Settings, billing, and providers
Settings is a fully redesigned dialog with mobile-responsive drawer navigation, UI scale controls, Connections for OpenRouter and Hugging Face model management, and appearance controls. Local models, when enabled, contribute their own token usage so you see the same accounting whether you are running cloud or local. Billing is live with production credentials and a release-channel switcher in the app, so you can move between stable, beta, and nightly without reinstalling.
Auth, projects, and tasks
Sign-in supports multiple accounts, organization management, an anonymous pre-auth state, QR-code login between desktop and mobile, and session-expiry recovery that returns you to a clean workspace on resume. The login screen and the Auth0 sign-in template have been redesigned together so the handoff in and out of the OAuth window feels native.
Projects are containers tying repositories, tasks, and conversations together, with smooth loading across the project list, project detail, and task views. Tasks can be assigned to specialists, automatically open a dedicated channel, and carry attachments. A pull-request QA flow uses isolated worktrees so QA runs do not stomp the working copy.
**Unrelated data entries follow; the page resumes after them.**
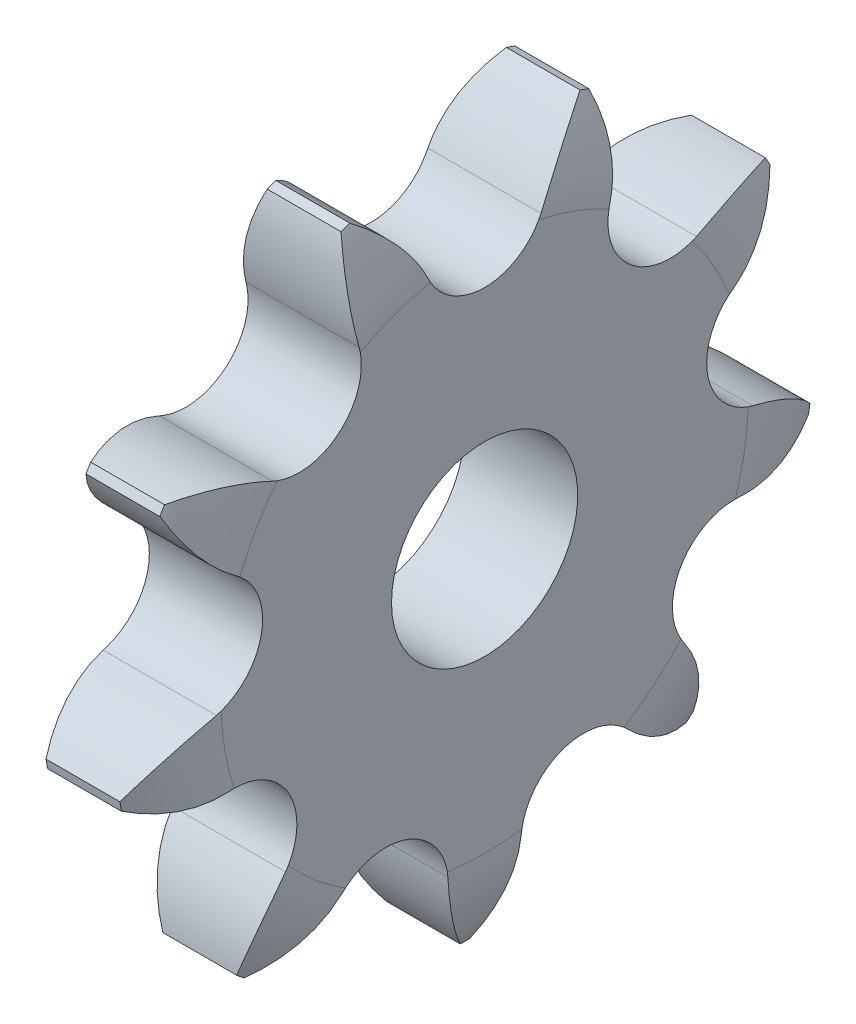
ISO-10303-21;
HEADER;
FILE_DESCRIPTION(('STEP AP214'),'2;1');
FILE_NAME('part.step','',(''),(''),'','','');
FILE_SCHEMA(('AUTOMOTIVE_DESIGN { 1 0 10303 214 1 1 1 1 }'));
ENDSEC;
DATA;
#1=APPLICATION_CONTEXT('core data for automotive mechanical design processes');
#2=APPLICATION_PROTOCOL_DEFINITION('international standard','automotive_design',2000,#1);
#3=PRODUCT_CONTEXT('',#1,'mechanical');
#4=PRODUCT('Part','Part','',(#3));
#5=PRODUCT_RELATED_PRODUCT_CATEGORY('part','',(#4));
#6=PRODUCT_DEFINITION_FORMATION('','',#4);
#7=PRODUCT_DEFINITION_CONTEXT('part definition',#1,'design');
#8=PRODUCT_DEFINITION('design','',#6,#7);
#9=PRODUCT_DEFINITION_SHAPE('','',#8);
#10=(LENGTH_UNIT() NAMED_UNIT(*) SI_UNIT(.MILLI.,.METRE.));
#11=(NAMED_UNIT(*) PLANE_ANGLE_UNIT() SI_UNIT($,.RADIAN.));
#12=(NAMED_UNIT(*) SI_UNIT($,.STERADIAN.) SOLID_ANGLE_UNIT());
#13=UNCERTAINTY_MEASURE_WITH_UNIT(LENGTH_MEASURE(1.E-05),#10,'distance_accuracy_value','');
#14=(GEOMETRIC_REPRESENTATION_CONTEXT(3) GLOBAL_UNCERTAINTY_ASSIGNED_CONTEXT((#13)) GLOBAL_UNIT_ASSIGNED_CONTEXT((#10,
#11,#12)) REPRESENTATION_CONTEXT('',''));
#15=CARTESIAN_POINT('',(0.,0.,0.));
#16=DIRECTION('',(0.,0.,1.));
#17=DIRECTION('',(1.,0.,0.));
#18=AXIS2_PLACEMENT_3D('',#15,#16,#17);
#19=CARTESIAN_POINT('',(-5.4,0.,0.));
#20=DIRECTION('',(-1.,0.,0.));
#21=DIRECTION('',(0.,0.,1.));
#22=AXIS2_PLACEMENT_3D('',#19,#20,#21);
#23=TOROIDAL_SURFACE('',#22,16.9928563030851,12.7);
#24=CARTESIAN_POINT('',(6.0298,11.520500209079,19.360710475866));
#25=CARTESIAN_POINT('',(6.12534620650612,11.5506753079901,19.1132267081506));
#26=CARTESIAN_POINT('',(6.21706086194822,11.5721842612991,18.8631287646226));
#27=CARTESIAN_POINT('',(6.39179749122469,11.597183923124,18.3588349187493));
#28=CARTESIAN_POINT('',(6.4748131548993,11.6006616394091,18.1046361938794));
#29=CARTESIAN_POINT('',(6.62889298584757,11.5890251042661,17.6004651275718));
#30=CARTESIAN_POINT('',(6.70021742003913,11.5744056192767,17.3505615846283));
#31=CARTESIAN_POINT('',(6.83243365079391,11.5268919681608,16.8497794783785));
#32=CARTESIAN_POINT('',(6.89332837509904,11.4940029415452,16.5989012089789));
#33=CARTESIAN_POINT('',(6.9982759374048,11.413670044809,16.1219567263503));
#34=CARTESIAN_POINT('',(7.04338744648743,11.3679390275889,15.8958346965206));
#35=CARTESIAN_POINT('',(7.12340425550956,11.261160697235,15.4454183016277));
#36=CARTESIAN_POINT('',(7.15831076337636,11.2001151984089,15.2211237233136));
#37=CARTESIAN_POINT('',(7.21785824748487,11.0610638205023,14.7703058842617));
#38=CARTESIAN_POINT('',(7.24222633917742,10.982678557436,14.5438629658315));
#39=CARTESIAN_POINT('',(7.27870037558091,10.8101780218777,14.0958784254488));
#40=CARTESIAN_POINT('',(7.29079843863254,10.7160526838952,13.8743400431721));
#41=CARTESIAN_POINT('',(7.29638053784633,10.6142599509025,13.6561537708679));
#42=B_SPLINE_CURVE_WITH_KNOTS('',3,(#24,#25,#26,#27,#28,#29,#30,#31,#32,#33,#34,#35,#36,#37,#38,
#39,#40,#41),.UNSPECIFIED.,.F.,.F.,(4,2,2,2,2,2,2,2,4),(0.,0.80092433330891,1.6024256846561,
2.38249036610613,3.16233571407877,3.86684990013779,4.57128066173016,5.29299505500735,
6.01517274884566),.UNSPECIFIED.);
#43=CARTESIAN_POINT('',(6.03,11.5205633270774,19.3601924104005));
#44=VERTEX_POINT('',#43);
#45=CARTESIAN_POINT('',(7.29637539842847,10.6143532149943,13.6563537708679));
#46=VERTEX_POINT('',#45);
#47=EDGE_CURVE('E701',#44,#46,#42,.T.);
#48=ORIENTED_EDGE('',*,*,#47,.F.);
#49=CARTESIAN_POINT('',(6.03,0.,0.));
#50=DIRECTION('',(-1.,0.,0.));
#51=DIRECTION('',(0.,0.,1.));
#52=AXIS2_PLACEMENT_3D('',#49,#50,#51);
#53=CIRCLE('',#52,22.5286579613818);
#54=CARTESIAN_POINT('',(6.03,11.0061367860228,19.6571967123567));
#55=VERTEX_POINT('',#54);
#56=EDGE_CURVE('E777',#55,#44,#53,.T.);
#57=ORIENTED_EDGE('',*,*,#56,.F.);
#58=CARTESIAN_POINT('',(7.29638108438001,6.5194326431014,16.02027641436));
#59=CARTESIAN_POINT('',(7.29338759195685,6.59320281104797,16.1256387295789));
#60=CARTESIAN_POINT('',(7.28854586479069,6.66887606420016,16.2295905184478));
#61=CARTESIAN_POINT('',(7.2752632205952,6.8238652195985,16.4344913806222));
#62=CARTESIAN_POINT('',(7.26682263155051,6.90318078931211,16.5354407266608));
#63=CARTESIAN_POINT('',(7.23626644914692,7.14621276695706,16.8333527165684));
#64=CARTESIAN_POINT('',(7.20891039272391,7.31515488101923,17.0255796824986));
#65=CARTESIAN_POINT('',(7.1420293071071,7.66087499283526,17.3912605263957));
#66=CARTESIAN_POINT('',(7.10283015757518,7.83734600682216,17.5650666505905));
#67=CARTESIAN_POINT('',(7.01300664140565,8.20052019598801,17.8984744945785));
#68=CARTESIAN_POINT('',(6.9623813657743,8.38722418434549,18.0580750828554));
#69=CARTESIAN_POINT('',(6.85206837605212,8.76468588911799,18.3586825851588));
#70=CARTESIAN_POINT('',(6.7926336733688,8.95523154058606,18.5000497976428));
#71=CARTESIAN_POINT('',(6.66473921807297,9.34336852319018,18.7683067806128));
#72=CARTESIAN_POINT('',(6.5962785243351,9.54096058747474,18.8951950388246));
#73=CARTESIAN_POINT('',(6.44936164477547,9.94708063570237,19.1373467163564));
#74=CARTESIAN_POINT('',(6.37069409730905,10.1557591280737,19.2522284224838));
#75=CARTESIAN_POINT('',(6.20574073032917,10.5778896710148,19.4664527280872));
#76=CARTESIAN_POINT('',(6.11945863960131,10.7913393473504,19.5658028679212));
#77=CARTESIAN_POINT('',(6.02979999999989,11.0066170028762,19.6574010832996));
#78=B_SPLINE_CURVE_WITH_KNOTS('',3,(#58,#59,#60,#61,#62,#63,#64,#65,#66,#67,#68,#69,#70,#71,#72,
#73,#74,#75,#76,#77),.UNSPECIFIED.,.F.,.F.,(4,2,2,2,2,2,2,2,2,4),(0.,0.385891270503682,
0.771747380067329,1.54272810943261,2.29417490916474,3.04568151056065,3.77873754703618,
4.51187007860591,5.26380961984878,6.01538296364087),.UNSPECIFIED.);
#79=CARTESIAN_POINT('',(7.29637539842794,6.51957268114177,16.02047641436));
#80=VERTEX_POINT('',#79);
#81=EDGE_CURVE('E1109',#80,#55,#78,.T.);
#82=ORIENTED_EDGE('',*,*,#81,.F.);
#83=CARTESIAN_POINT('',(7.29637057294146,-0.647122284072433,17.284348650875));
#84=CARTESIAN_POINT('',(7.29897119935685,-0.618431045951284,17.1771968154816));
#85=CARTESIAN_POINT('',(7.30013529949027,-0.585267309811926,17.0712202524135));
#86=CARTESIAN_POINT('',(7.29984139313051,-0.510299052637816,16.8624011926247));
#87=CARTESIAN_POINT('',(7.29838404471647,-0.468496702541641,16.7595579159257));
#88=CARTESIAN_POINT('',(7.29310501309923,-0.376641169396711,16.5579548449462));
#89=CARTESIAN_POINT('',(7.28928850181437,-0.326606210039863,16.4591866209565));
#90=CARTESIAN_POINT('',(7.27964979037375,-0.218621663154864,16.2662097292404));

Mobile, platform, and performance
iOS and Android apps ship in this release with mobile OAuth login. On the desktop side, the app picks up updates automatically, hides to the macOS dock and the Windows and Linux tray, supports drag from empty sidebar space, and applies macOS window corner radius and proper transparency on Windows and macOS. Startup is faster, and the embedded browser uses native Chromium on macOS and Windows.
Polish and fixes
Hundreds of fixes land alongside the headline features. Specialist mention ordering, embedded browser positioning, and the OAuth callback window are all stabilized. Permission grants reuse “always allow” choices for the same workspace and specialist. The code knowledge graph resumes safely under thermal pressure. Real-time sync, sign-in connections, post-create calls in the Google Workspace suite, and theme changes are all hardened. Workspace creation and project dialogs no longer over-fetch, and the chat panel is always collapsible.